2.- Error en la apreciación de la prueba, al no ser capaces los testigos de concretar los síntomas de ingesta de alcohol que presentaba el acusado, siendo lo cierto que el olor a alcohol no puede estimarse como presunción de la ingesta ni determinar la merma de facultades para la conducción si no va acompañada de otros indicios. También destaca que la medición de la tasa de alcohol se produjo a las 14:38, esto es, casi tres horas después de los hechos. 3.- Infracción de precepto legal, por falta de concurrencia de los elementos típicos del delito del artículo 379 del Código penal .
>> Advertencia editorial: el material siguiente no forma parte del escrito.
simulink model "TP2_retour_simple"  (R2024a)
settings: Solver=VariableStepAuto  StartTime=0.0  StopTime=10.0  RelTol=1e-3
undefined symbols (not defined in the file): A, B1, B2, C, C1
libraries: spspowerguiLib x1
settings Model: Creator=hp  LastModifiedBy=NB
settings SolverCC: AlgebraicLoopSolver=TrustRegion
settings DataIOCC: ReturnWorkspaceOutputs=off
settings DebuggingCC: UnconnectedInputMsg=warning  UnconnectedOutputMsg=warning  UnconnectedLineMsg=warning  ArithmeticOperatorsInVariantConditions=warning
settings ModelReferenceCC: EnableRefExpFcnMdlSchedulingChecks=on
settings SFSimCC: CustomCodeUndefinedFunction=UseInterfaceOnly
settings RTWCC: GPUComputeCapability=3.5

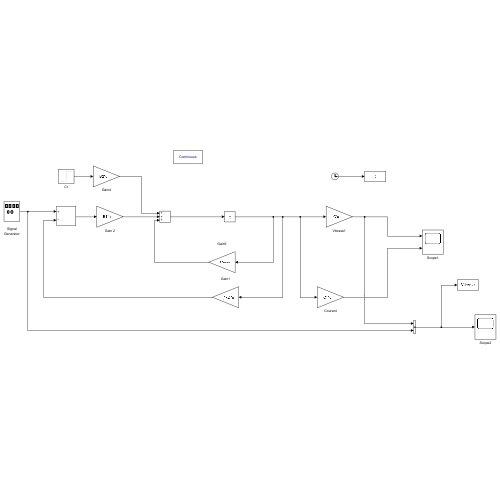
[thumbnail: Simulink's stored preview of the top-level diagram]
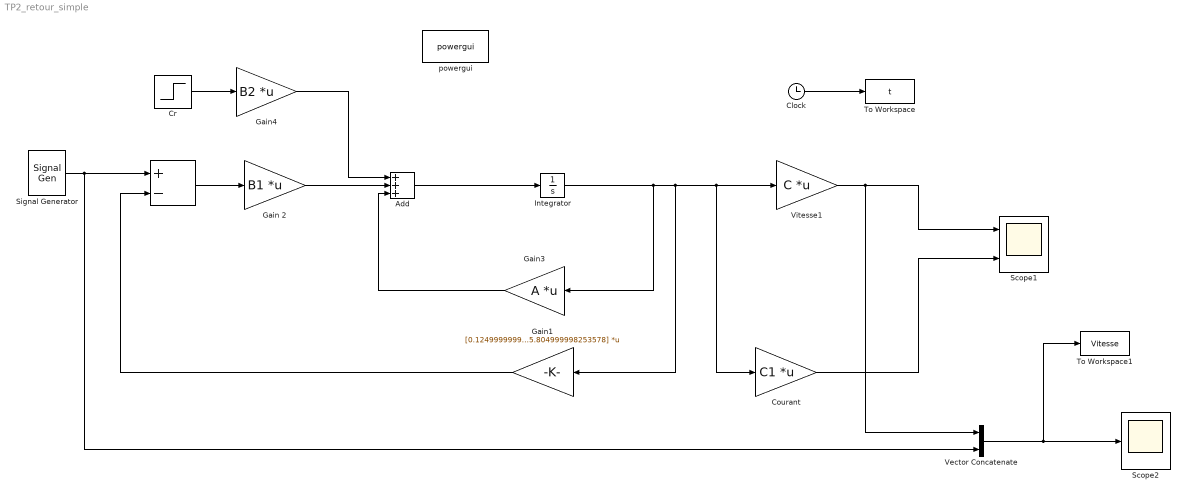
== system TP2_retour_simple ==
  " " : Sum  Inputs=+-
  " Signal Generator" : SignalGenerator  WaveForm=square  Amplitude=12  Frequency=0.25
  Add : Sum  Inputs=+++
  Clock : Clock
  "Courant " : Gain  Gain=C1  Multiplication=Matrix(K*u)
  Cr : Step  After=0  SampleTime=0
  "Gain 2 " : Gain  Gain=B1  Multiplication=Matrix(K*u)
  "Gain1 " : Gain  Gain=[0.124999999978977,25.804999998253578]  Multiplication=Matrix(K*u)
  "Gain3 " : Gain  Gain=A  Multiplication=Matrix(K*u) (u vector)
  "Gain4 " : Gain  Gain=B2  Multiplication=Matrix(K*u)
  Integrator : Integrator
  "Scope1 " : Scope  NumInputPorts=2
  "Scope2 " : Scope
  To Workspace : ToWorkspace  VariableName=t  SaveFormat=Timeseries  SampleTime=-1
  To Workspace1 : ToWorkspace  VariableName=Vitesse  SaveFormat=Timeseries  SampleTime=-1
  Vector Concatenate : Concatenate
  "Vitesse1 " : Gain  Gain=C  Multiplication=Matrix(K*u)
  powergui : spspowerguiLib/powergui  Priority=1  SimulationMode=Continuous  SampleTime=50e-6  frequency=60  Iterations=50  frequencyindice=60  Pbase=100e6  ErrMax=1e-4  UnitsV=kV  UnitsW=MW  buscounter=0  FunctionMessages=off  echomessages=off  EnableUseOfTLC=off  CurrentSourceSwitches=off  DisableSnubberDevices=off  DisableRonSwitches=off  DisableVfSwitches=off  DisplayEquations=off  AutomaticDiscreteSolvers=off  SolverType=Tustin/Backward Euler (TBE)  Interpol=off  ExternalGateDelay=off  methode=off  Ts=100  x0status=blocks  SPID=on  SwTol=0  HookPort=off  NonlinearTolerance=1e-4  nMaxIteration=100  ContinueOnMaxIteration=off  RestoreLinks=warning  ResistiveCurrentMeasurement=off  Frange=[0:2:500]  Ylog=off  Xlog=on  ShowGrid=off  save=off  variable=ZData  structure=0  ZoomFFT=off  StartTime=0.0  cycles=1  DisplayStyle=1  fundamental=60  FreqAxis=off  MaxFrequency=1000  frequencyindicesteady=1  RmsSteady=1  display=off
  wires:
  Integrator/1 -> "Gain3 "/1, "Gain1 "/1, "Courant "/1, "Vitesse1 "/1
  "Vitesse1 "/1 -> Vector Concatenate/1, "Scope1 "/1
  "Courant "/1 -> "Scope1 "/2
  Vector Concatenate/1 -> To Workspace1/1, "Scope2 "/1
  " "/1 -> "Gain 2 "/1
  "Gain1 "/1 -> " "/2
  Cr/1 -> "Gain4 "/1
  " Signal Generator"/1 -> Vector Concatenate/2, " "/1
  Clock/1 -> To Workspace/1
  "Gain3 "/1 -> Add/3
  "Gain 2 "/1 -> Add/2
  "Gain4 "/1 -> Add/1
  Add/1 -> Integrator/1

4.- en último lugar entiende que debe ser apreciada la circunstancia atenuante muy cualificada de dilaciones extraordinarias del artículo 21.6 del Código Penal . Y ello porque la sentencia no se notifica hasta seis meses después de su fecha, y porque no se facilitó a la defensa la copia del DVD que contiene la grabación del juicio hasta un año después de solicitada. Por todo ello concluye que, revocando la sentencia apelada se decrete la libre absolución del recurrente, y con carácter subsidiario, se estime la atenuante de dilaciones indebidas y se condene al acusado a la pena de seis meses multa a razón de cuatro euros diarios.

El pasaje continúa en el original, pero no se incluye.